◆ **ASSIGNED TASK**: Return every record below exactly as given, images excluded.

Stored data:

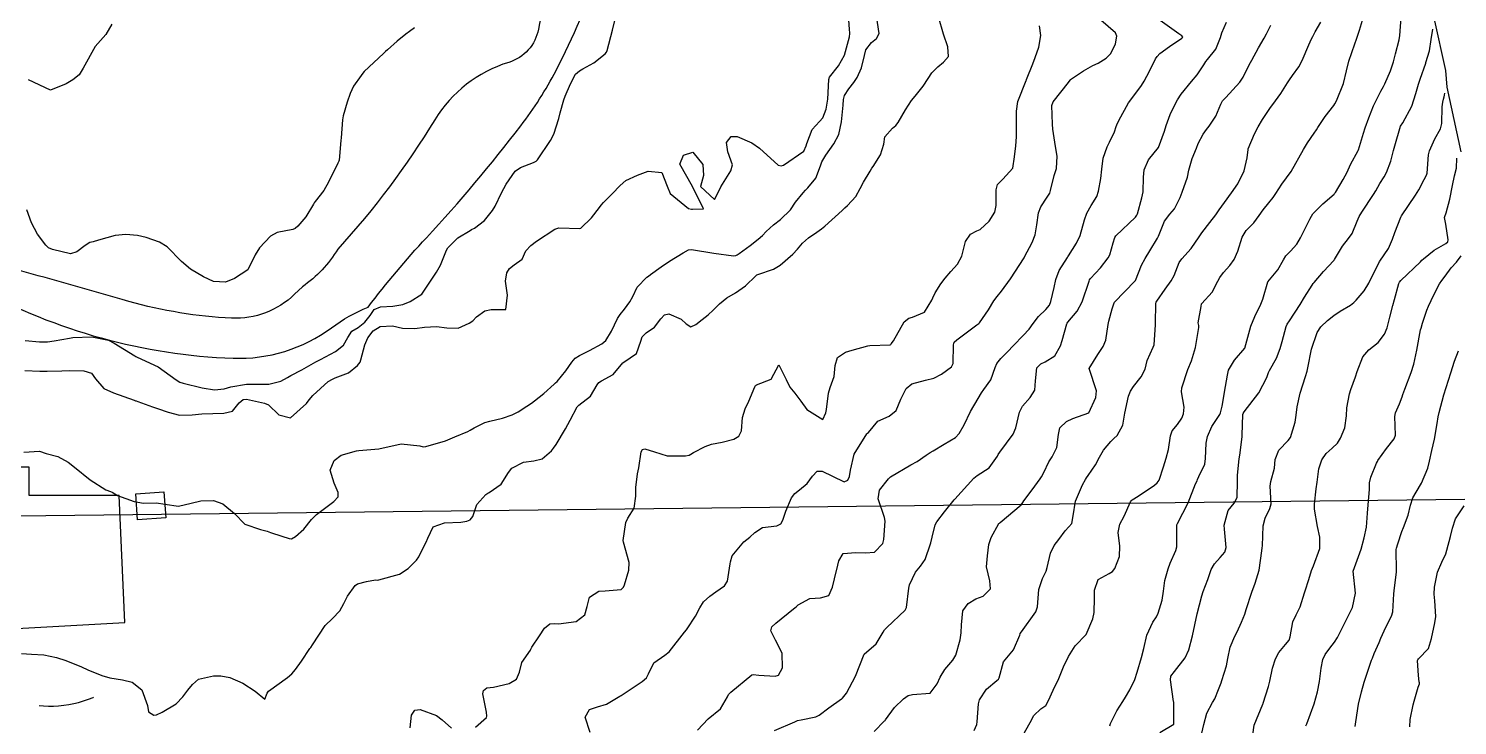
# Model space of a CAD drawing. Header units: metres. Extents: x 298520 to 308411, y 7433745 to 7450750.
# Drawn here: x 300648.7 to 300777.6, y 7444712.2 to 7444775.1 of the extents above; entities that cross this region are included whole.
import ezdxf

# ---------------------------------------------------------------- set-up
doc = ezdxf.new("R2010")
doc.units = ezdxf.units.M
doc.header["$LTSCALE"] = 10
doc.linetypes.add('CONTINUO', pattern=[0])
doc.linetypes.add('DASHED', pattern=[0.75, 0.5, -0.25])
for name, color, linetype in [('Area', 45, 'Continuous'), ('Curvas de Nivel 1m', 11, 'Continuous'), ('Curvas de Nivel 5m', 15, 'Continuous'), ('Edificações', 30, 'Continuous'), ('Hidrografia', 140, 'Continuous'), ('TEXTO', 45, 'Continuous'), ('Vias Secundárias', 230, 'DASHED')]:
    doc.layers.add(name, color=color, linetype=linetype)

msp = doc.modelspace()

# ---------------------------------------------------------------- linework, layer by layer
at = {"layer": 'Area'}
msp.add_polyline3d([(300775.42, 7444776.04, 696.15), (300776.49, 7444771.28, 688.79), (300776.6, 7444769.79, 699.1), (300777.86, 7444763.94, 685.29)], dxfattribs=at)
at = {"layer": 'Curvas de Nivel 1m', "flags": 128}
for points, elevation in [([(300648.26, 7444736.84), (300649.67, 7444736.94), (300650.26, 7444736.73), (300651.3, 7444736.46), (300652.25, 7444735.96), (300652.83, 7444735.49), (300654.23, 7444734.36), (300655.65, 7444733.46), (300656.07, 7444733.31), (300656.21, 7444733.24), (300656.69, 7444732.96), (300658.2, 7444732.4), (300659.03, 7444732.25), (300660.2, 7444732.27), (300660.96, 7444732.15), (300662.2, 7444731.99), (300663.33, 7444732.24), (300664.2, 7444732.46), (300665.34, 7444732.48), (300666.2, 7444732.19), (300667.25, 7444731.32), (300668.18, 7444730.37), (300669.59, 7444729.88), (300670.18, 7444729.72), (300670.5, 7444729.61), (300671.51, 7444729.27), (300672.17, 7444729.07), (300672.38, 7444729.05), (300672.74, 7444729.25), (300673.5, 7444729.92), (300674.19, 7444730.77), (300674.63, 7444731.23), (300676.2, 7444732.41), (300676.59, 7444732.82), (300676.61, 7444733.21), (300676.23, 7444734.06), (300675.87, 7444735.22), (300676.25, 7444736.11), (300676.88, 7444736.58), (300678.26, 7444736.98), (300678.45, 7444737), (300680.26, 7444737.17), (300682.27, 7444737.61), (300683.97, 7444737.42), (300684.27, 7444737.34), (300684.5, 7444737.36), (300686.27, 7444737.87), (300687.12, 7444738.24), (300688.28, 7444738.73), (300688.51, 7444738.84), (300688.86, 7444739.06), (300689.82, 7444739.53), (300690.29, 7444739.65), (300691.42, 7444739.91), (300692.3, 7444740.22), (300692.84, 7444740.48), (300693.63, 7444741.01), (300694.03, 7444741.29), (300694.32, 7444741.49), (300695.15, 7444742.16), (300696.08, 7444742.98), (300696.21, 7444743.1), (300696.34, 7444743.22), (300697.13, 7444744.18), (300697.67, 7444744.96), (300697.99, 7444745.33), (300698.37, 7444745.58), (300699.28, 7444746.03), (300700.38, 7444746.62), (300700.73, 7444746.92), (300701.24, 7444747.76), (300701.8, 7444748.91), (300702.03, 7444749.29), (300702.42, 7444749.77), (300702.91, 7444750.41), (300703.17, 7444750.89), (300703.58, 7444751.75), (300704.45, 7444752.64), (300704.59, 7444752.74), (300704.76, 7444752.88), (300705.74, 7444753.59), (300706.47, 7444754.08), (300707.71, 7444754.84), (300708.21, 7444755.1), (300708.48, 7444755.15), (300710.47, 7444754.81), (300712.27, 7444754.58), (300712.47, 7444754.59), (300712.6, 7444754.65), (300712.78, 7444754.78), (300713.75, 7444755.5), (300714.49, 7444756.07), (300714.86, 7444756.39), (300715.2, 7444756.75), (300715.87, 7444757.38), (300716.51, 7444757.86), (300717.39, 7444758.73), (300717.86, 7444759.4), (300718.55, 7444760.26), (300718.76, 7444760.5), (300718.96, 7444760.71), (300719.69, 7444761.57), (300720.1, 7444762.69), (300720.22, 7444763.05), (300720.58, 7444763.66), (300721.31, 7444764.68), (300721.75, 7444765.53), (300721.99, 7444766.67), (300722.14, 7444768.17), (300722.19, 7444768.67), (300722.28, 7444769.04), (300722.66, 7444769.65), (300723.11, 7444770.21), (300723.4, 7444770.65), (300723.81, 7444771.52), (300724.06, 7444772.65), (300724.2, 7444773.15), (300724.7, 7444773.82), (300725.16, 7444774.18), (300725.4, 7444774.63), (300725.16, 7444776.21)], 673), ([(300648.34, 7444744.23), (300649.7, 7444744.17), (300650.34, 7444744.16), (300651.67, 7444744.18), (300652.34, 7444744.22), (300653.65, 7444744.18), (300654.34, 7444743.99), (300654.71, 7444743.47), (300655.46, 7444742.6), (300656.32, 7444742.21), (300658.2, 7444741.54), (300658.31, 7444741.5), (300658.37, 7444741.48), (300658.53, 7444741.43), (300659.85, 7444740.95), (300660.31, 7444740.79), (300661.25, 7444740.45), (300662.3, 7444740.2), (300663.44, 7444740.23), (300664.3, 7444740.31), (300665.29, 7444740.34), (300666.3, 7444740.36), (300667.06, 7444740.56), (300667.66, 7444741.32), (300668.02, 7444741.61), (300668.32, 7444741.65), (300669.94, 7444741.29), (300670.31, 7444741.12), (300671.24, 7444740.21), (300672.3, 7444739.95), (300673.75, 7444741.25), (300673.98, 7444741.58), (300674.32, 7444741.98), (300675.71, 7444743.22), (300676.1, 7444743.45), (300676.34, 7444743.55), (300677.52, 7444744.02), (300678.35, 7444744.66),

◆ **RESULT OF THIS TASK**:
# Model space of a CAD drawing. Header units: metres. Extents: x 298520 to 308411, y 7433745 to 7450750.
# Drawn here: x 300648.7 to 300777.6, y 7444712.2 to 7444775.1 of the extents above; entities that cross this region are included whole.
import ezdxf

# ---------------------------------------------------------------- set-up
doc = ezdxf.new("R2010")
doc.units = ezdxf.units.M
doc.header["$LTSCALE"] = 10
doc.linetypes.add('CONTINUO', pattern=[0])
doc.linetypes.add('DASHED', pattern=[0.75, 0.5, -0.25])
for name, color, linetype in [('Area', 45, 'Continuous'), ('Curvas de Nivel 1m', 11, 'Continuous'), ('Curvas de Nivel 5m', 15, 'Continuous'), ('Edificações', 30, 'Continuous'), ('Hidrografia', 140, 'Continuous'), ('TEXTO', 45, 'Continuous'), ('Vias Secundárias', 230, 'DASHED')]:
    doc.layers.add(name, color=color, linetype=linetype)

msp = doc.modelspace()

# ---------------------------------------------------------------- linework, layer by layer
at = {"layer": 'Area'}
msp.add_polyline3d([(300775.42, 7444776.04, 696.15), (300776.49, 7444771.28, 688.79), (300776.6, 7444769.79, 699.1), (300777.86, 7444763.94, 685.29)], dxfattribs=at)
at = {"layer": 'Curvas de Nivel 1m', "flags": 128}
for points, elevation in [([(300648.26, 7444736.84), (300649.67, 7444736.94), (300650.26, 7444736.73), (300651.3, 7444736.46), (300652.25, 7444735.96), (300652.83, 7444735.49), (300654.23, 7444734.36), (300655.65, 7444733.46), (300656.07, 7444733.31), (300656.21, 7444733.24), (300656.69, 7444732.96), (300658.2, 7444732.4), (300659.03, 7444732.25), (300660.2, 7444732.27), (300660.96, 7444732.15), (300662.2, 7444731.99), (300663.33, 7444732.24), (300664.2, 7444732.46), (300665.34, 7444732.48), (300666.2, 7444732.19), (300667.25, 7444731.32), (300668.18, 7444730.37), (300669.59, 7444729.88), (300670.18, 7444729.72), (300670.5, 7444729.61), (300671.51, 7444729.27), (300672.17, 7444729.07), (300672.38, 7444729.05), (300672.74, 7444729.25), (300673.5, 7444729.92), (300674.19, 7444730.77), (300674.63, 7444731.23), (300676.2, 7444732.41), (300676.59, 7444732.82), (300676.61, 7444733.21), (300676.23, 7444734.06), (300675.87, 7444735.22), (300676.25, 7444736.11), (300676.88, 7444736.58), (300678.26, 7444736.98), (300678.45, 7444737), (300680.26, 7444737.17), (300682.27, 7444737.61), (300683.97, 7444737.42), (300684.27, 7444737.34), (300684.5, 7444737.36), (300686.27, 7444737.87), (300687.12, 7444738.24), (300688.28, 7444738.73), (300688.51, 7444738.84), (300688.86, 7444739.06), (300689.82, 7444739.53), (300690.29, 7444739.65), (300691.42, 7444739.91), (300692.3, 7444740.22), (300692.84, 7444740.48), (300693.63, 7444741.01), (300694.03, 7444741.29), (300694.32, 7444741.49), (300695.15, 7444742.16), (300696.08, 7444742.98), (300696.21, 7444743.1), (300696.34, 7444743.22), (300697.13, 7444744.18), (300697.67, 7444744.96), (300697.99, 7444745.33), (300698.37, 7444745.58), (300699.28, 7444746.03), (300700.38, 7444746.62), (300700.73, 7444746.92), (300701.24, 7444747.76), (300701.8, 7444748.91), (300702.03, 7444749.29), (300702.42, 7444749.77), (300702.91, 7444750.41), (300703.17, 7444750.89), (300703.58, 7444751.75), (300704.45, 7444752.64), (300704.59, 7444752.74), (300704.76, 7444752.88), (300705.74, 7444753.59), (300706.47, 7444754.08), (300707.71, 7444754.84), (300708.21, 7444755.1), (300708.48, 7444755.15), (300710.47, 7444754.81), (300712.27, 7444754.58), (300712.47, 7444754.59), (300712.6, 7444754.65), (300712.78, 7444754.78), (300713.75, 7444755.5), (300714.49, 7444756.07), (300714.86, 7444756.39), (300715.2, 7444756.75), (300715.87, 7444757.38), (300716.51, 7444757.86), (300717.39, 7444758.73), (300717.86, 7444759.4), (300718.55, 7444760.26), (300718.76, 7444760.5), (300718.96, 7444760.71), (300719.69, 7444761.57), (300720.1, 7444762.69), (300720.22, 7444763.05), (300720.58, 7444763.66), (300721.31, 7444764.68), (300721.75, 7444765.53), (300721.99, 7444766.67), (300722.14, 7444768.17), (300722.19, 7444768.67), (300722.28, 7444769.04), (300722.66, 7444769.65), (300723.11, 7444770.21), (300723.4, 7444770.65), (300723.81, 7444771.52), (300724.06, 7444772.65), (300724.2, 7444773.15), (300724.7, 7444773.82), (300725.16, 7444774.18), (300725.4, 7444774.63), (300725.16, 7444776.21)], 673), ([(300648.34, 7444744.23), (300649.7, 7444744.17), (300650.34, 7444744.16), (300651.67, 7444744.18), (300652.34, 7444744.22), (300653.65, 7444744.18), (300654.34, 7444743.99), (300654.71, 7444743.47), (300655.46, 7444742.6), (300656.32, 7444742.21), (300658.2, 7444741.54), (300658.31, 7444741.5), (300658.37, 7444741.48), (300658.53, 7444741.43), (300659.85, 7444740.95), (300660.31, 7444740.79), (300661.25, 7444740.45), (300662.3, 7444740.2), (300663.44, 7444740.23), (300664.3, 7444740.31), (300665.29, 7444740.34), (300666.3, 7444740.36), (300667.06, 7444740.56), (300667.66, 7444741.32), (300668.02, 7444741.61), (300668.32, 7444741.65), (300669.94, 7444741.29), (300670.31, 7444741.12), (300671.24, 7444740.21), (300672.3, 7444739.95), (300673.75, 7444741.25), (300673.98, 7444741.58), (300674.32, 7444741.98), (300675.71, 7444743.22), (300676.1, 7444743.45), (300676.34, 7444743.55), (300677.52, 7444744.02), (300678.35, 7444744.66),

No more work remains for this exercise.